> _Exercise material_

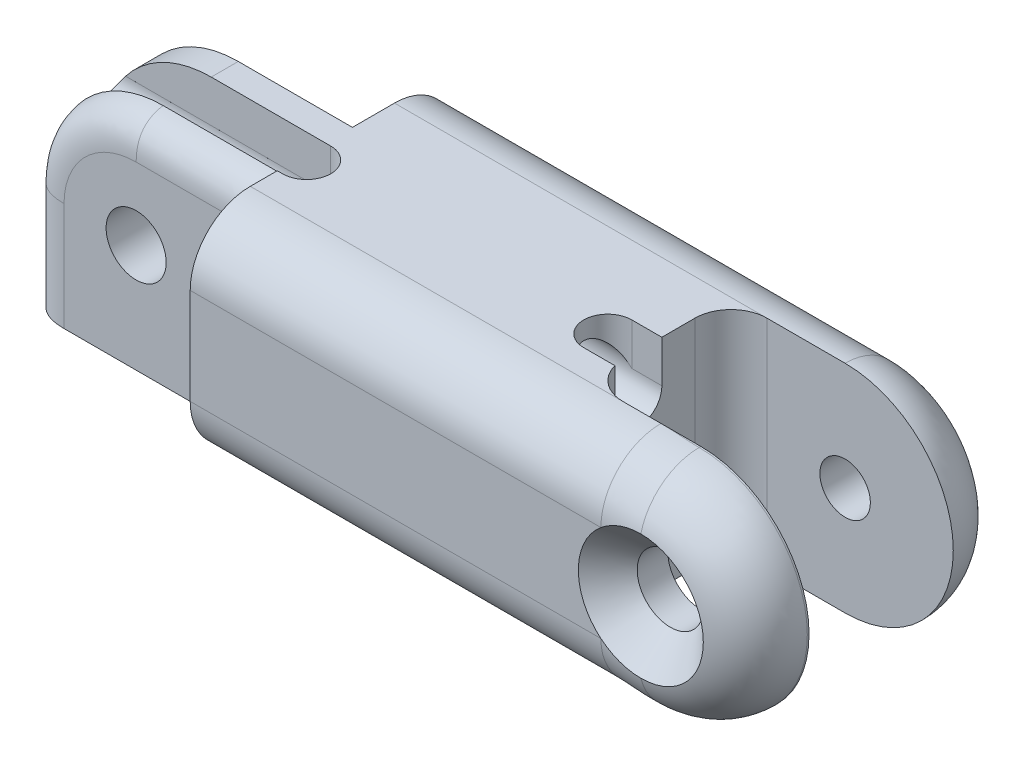
SolidWorks part; units mm, degrees
ref_plane "Front Plane" through (0, 0, 0) normal (0, 0, 1) x (1, 0, 0)
ref_plane "Top Plane" through (0, 0, 0) normal (0, 1, 0) x (1, 0, 0)
ref_plane "Right Plane" through (0, 0, 0) normal (1, 0, 0) x (0, 0, -1)
sketch "Sketch2" plane through (0, 0, 0) normal (0, 1, 0) x (1, 0, 0)
  line L0 (-14, 11) -> (32.5, 11)
  line L1 (32.5, 11) -> (32.5, 6)
  line L2 (32.5, 6) -> (17, 6)
  line L3 (14, 3) -> (14, -3)
  line L4 (17, -6) -> (32.5, -6)
  line L5 (32.5, -6) -> (32.5, -11)
  line L7 (-32.5, -6) -> (-32.5, 2.5)
  line L8 (-49.3622, 0) -> (56.3776, 0) construction
  line L9 (0, 21.2372) -> (0, -19.0689) construction
  line L10 (14, 3) -> (17, 3) construction
  line L11 (17, 3) -> (17, 6) construction
  line L16 (-14, -11) -> (32.5, -11)
  line L18 (-32.5, -6) -> (-14, -6)
  line L19 (-14, -6) -> (-14, -11)
  line L20 (-32.5, 2.5) -> (-14, 2.5)
  line L21 (-14, 2.5) -> (-14, 11)
  arc A0 (17, 6) -> (14, 3) centre (17, 3) ccw
  arc A1 (17, -6) -> (14, -3) centre (17, -3) cw
  point P13 (17, 3)
  dimension "D1" = 65
  dimension "D2" = 22
  dimension "D3" = 5
  dimension "D4" = 18.5
  dimension "D5" = 12
  dimension "D6" = 3
  dimension "D7" = 3
  dimension "D8" = 8.5
  dimension "D9" = 5
  dimension "D10" = 8.5
  dimension "D11" = 18.5
extrude "Boss-Extrude1" add sketch "Sketch2" along normal blind 18
sketch "Sketch5" plane through (0, 0, 11) normal (0, 0, 1) x (1, 0, 0)
  line L0 (-32.5, 9) -> (31.8491, 9) construction
  line L1 (-23.5, 18) -> (-23.5, 0) construction
  line L2 (32.5, 18) -> (32.5, 0) construction
  line L3 (-14, 18) -> (32.5, 18) construction
  line L4 (23.5, 18) -> (23.5, 0) construction
  line L5 (-32.5, 18) -> (-32.5, 0) construction
  line L6 (-32.5, 9) -> (-32.5, 0)
  line L7 (-32.5, 18) -> (-14, 18) construction
  line L8 (-32.5, 0) -> (23.5, 0)
  line L9 (-23.5, 18) -> (23.5, 18)
  arc A0 (-23.5, 18) -> (-32.5, 9) centre (-23.5, 9) ccw
  arc A1 (23.5, 0) -> (23.5, 18) centre (23.5, 9) ccw
  circle A2 centre (-23.5, 9) radius 2.5
  dimension "D2" = 5
  dimension "D1" = 9
extrude "Cut-Extrude1" cut sketch "Sketch5" against normal blind 22 flip side to cut
sketch "Sketch6" plane through (0, 0, 11) normal (0, 0, 1) x (1, 0, 0)
  line L0 (23.5, 0) -> (23.5, 18) construction
  point P4 (23.5, 9)
hole_wizard "CSK for M5 Countersunk Flat Head Screw1" positions "Sketch7" profile "Sketch8" countersink size "M5" standard "DIN" end condition up to next
sketch "Sketch7" plane through (0, 0, 11) normal (0, 0, 1) x (1, 0, 0)
  point P0 (23.5, 9)
sketch "Sketch8" plane through (23.5, 9, 11) normal (1, 0, 0) x (0, -1, 0)
  line L0 (0, 0) -> (0, 5)
  line L1 (0, 5) -> (2.75, 5)
  line L2 (2.75, 5) -> (2.75, 2.45)
  line L3 (2.75, 2.45) -> (5.2, 0)
  line L5 (5.2, 0) -> (0, 0)
  line L6 (-2.75, 2.45) -> (-5.2, 0) construction
  line L11 (0, -6.35) -> (0, 107.95) construction
  dimension "Thru Hole Dia." = 5.5
  dimension "Thru Hole Depth" = 5
  dimension "Near C'Sink Dia." = 10.4
  dimension "Near C'Sink Angle" = 90
hole_wizard "M5 Tapped Hole1" positions "Sketch9" profile "Sketch11" tap size "M5" standard "DIN" end condition through all
sketch "Sketch9" plane through (0, 0, 11) normal (0, 0, 1) x (1, 0, 0)
  point P0 (23.5, 9)
sketch "Sketch11" plane through (23.5, 9, 11) normal (1, 0, 0) x (0, -1, 0)
  line L0 (0, 0) -> (0, 22)
  line L1 (0, 22) -> (2.1, 22)
  line L2 (2.1, 22) -> (2.1, 3.1)
  line L3 (2.1, 3.1) -> (5.2, 0)
  line L5 (5.2, 0) -> (0, 0)
  line L6 (-2.1, 3.1) -> (-5.2, 0) construction
  line L11 (0, -6.35) -> (0, 107.95) construction
  dimension "Thru Tap Drill Dia." = 4.2
  dimension "Thru Tap Drill Depth" = 22
  dimension "Near C'Sink Dia." = 10.4
  dimension "Near C'Sink Angle" = 90
cosmetic thread "Hole Thread1" parameters "D2"=5
fillet "Fillet3" radius 3 3 edges at (-32.5, 4.5, 6) (-18.75, 18, 6) (-29.864, 15.364, 6) conic rho 0.5
sketch "Sketch13" plane through (14, 0, 0) normal (1, 0, 0) x (0, 0, -1)
  line L0 (-1.75, 21.4915) -> (-1.75, -4.5302) construction
  line L1 (-3, 18) -> (3, 18) construction
  circle A0 centre (-1.75, 14.5) radius 2
  dimension "D2" = 4
  dimension "D3" = 3.5
  dimension "D1" = 1.75
extrude "Cut-Extrude2" cut sketch "Sketch13" against normal through all both and the other way through all
sketch "Sketch14" plane through (0, 18, 0) normal (0, 1, 0) x (1, 0, 0)
  line L0 (-30.6236, 0.2504) -> (-13.5557, 0.2504)
  line L1 (-30.5557, -3.75) -> (-13.5557, -3.75)
  line L3 (-30.5557, -3.75) -> (-30.6236, 0.2504)
  arc A0 (-13.5557, -3.75) -> (-13.5557, 0.2504) centre (-13.5557, -1.7498) ccw
  spline S1 degree 3 poles (-29.0797, -3) (-28.9473, -2.8693) (-28.8242, -2.7233) (-28.6669, -2.4679) (-28.62, -2.3776) (-28.5431, -2.1872) (-28.5127, -2.0851) (-28.4764, -1.8774) (-28.4703, -1.7698) (-28.4841, -1.5572) (-28.5036, -1.4537) (-28.5944, -1.1509) (-28.6934, -0.9724) (-28.9222, -0.6565) (-29.0506, -0.5207) (-29.3219, -0.2789) (-29.4619, -0.1762) (-29.8834, 0.0849) (-30.1717, 0.1991) (-30.5706, 0.2557) (-30.7006, 0.2556) (-30.9459, 0.209) (-31.0594, 0.1634) (-31.269, 0.0188) (-31.3624, -0.0793) (-31.5226, -0.3256) (-31.5911, -0.4779) (-31.6703, -0.7331) (-31.6932, -0.8231) (-31.7322, -1.0133) (-31.7481, -1.1133) (-31.7724, -1.3157) (-31.781, -1.419) (-31.7912, -1.6301) (-31.7926, -1.7379) (-31.7863, -2.055) (-31.7677, -2.2665) (-31.7021, -2.6575) (-31.6546, -2.8399) (-31.5922, -3) knots 0 0 0 0 0.0625 0.0625 0.09375 0.09375 0.125 0.125 0.15625 0.15625 0.1875 0.1875 0.25 0.25 0.3125 0.3125 0.375 0.375 0.5 0.5 0.5625 0.5625 0.625 0.625 0.6875 0.6875 0.75 0.75 0.78125 0.78125 0.8125 0.8125 0.84375 0.84375 0.875 0.875 0.9375 0.9375 1 1 1 1 construction
  spline S2 degree 3 poles (-31.5922, -3) (-31.5381, -3.1387) (-31.4701, -3.2552) (-31.3108, -3.4526) (-31.2195, -3.5323) (-31.0254, -3.6532) (-30.9205, -3.6957) (-30.705, -3.7461) (-30.594, -3.7546) (-30.2507, -3.7337) (-30.0173, -3.6588) (-29.5422, -3.4019) (-29.3092, -3.2263) (-29.0797, -3) knots 0 0 0 0 0.125 0.125 0.25 0.25 0.375 0.375 0.5 0.5 0.75 0.75 1 1 1 1 construction
  dimension "D2" = 2.0002
  dimension "D1" = 17
extrude "Cut-Extrude3" cut sketch "Sketch14" against normal blind 3.5
sketch "Sketch15" plane through (0, 18, 0) normal (0, 1, 0) x (1, 0, 0)
sketch "Sketch16" plane through (0, 18, 0) normal (0, 1, 0) x (1, 0, 0)
  line L0 (-8.0769, -1.75) -> (29.6251, -1.75) construction
  line L1 (11.5, 0.25) -> (19.0559, 0.25)
  line L3 (11.5, -3.75) -> (19.0559, -3.75)
  line L4 (19.0559, 0.25) -> (19.0559, -3.75)
  line L5 (14, -3) -> (14, 3) construction
  arc A0 (11.5, 0.25) -> (11.5, -3.75) centre (11.5, -1.75) ccw
  dimension "D2" = 4
  dimension "D1" = 1.75
  dimension "D3" = 2.5
extrude "Cut-Extrude4" cut sketch "Sketch16" against normal blind 3.5
fillet "Fillet4" radius 5 5 edges at (4.75, 0, -11) (32.5, 9, -11) (4.75, 0, 11) (4.75, 18, -11) (4.75, 18, 11)

> _What you will do_
Return, from the material above, every line with the word "extrude".

> _Exercise solution_
extrude "Boss-Extrude1" add sketch "Sketch2" along normal blind 18
extrude "Cut-Extrude1" cut sketch "Sketch5" against normal blind 22 flip side to cut
extrude "Cut-Extrude2" cut sketch "Sketch13" against normal through all both and the other way through all
extrude "Cut-Extrude3" cut sketch "Sketch14" against normal blind 3.5
extrude "Cut-Extrude4" cut sketch "Sketch16" against normal blind 3.5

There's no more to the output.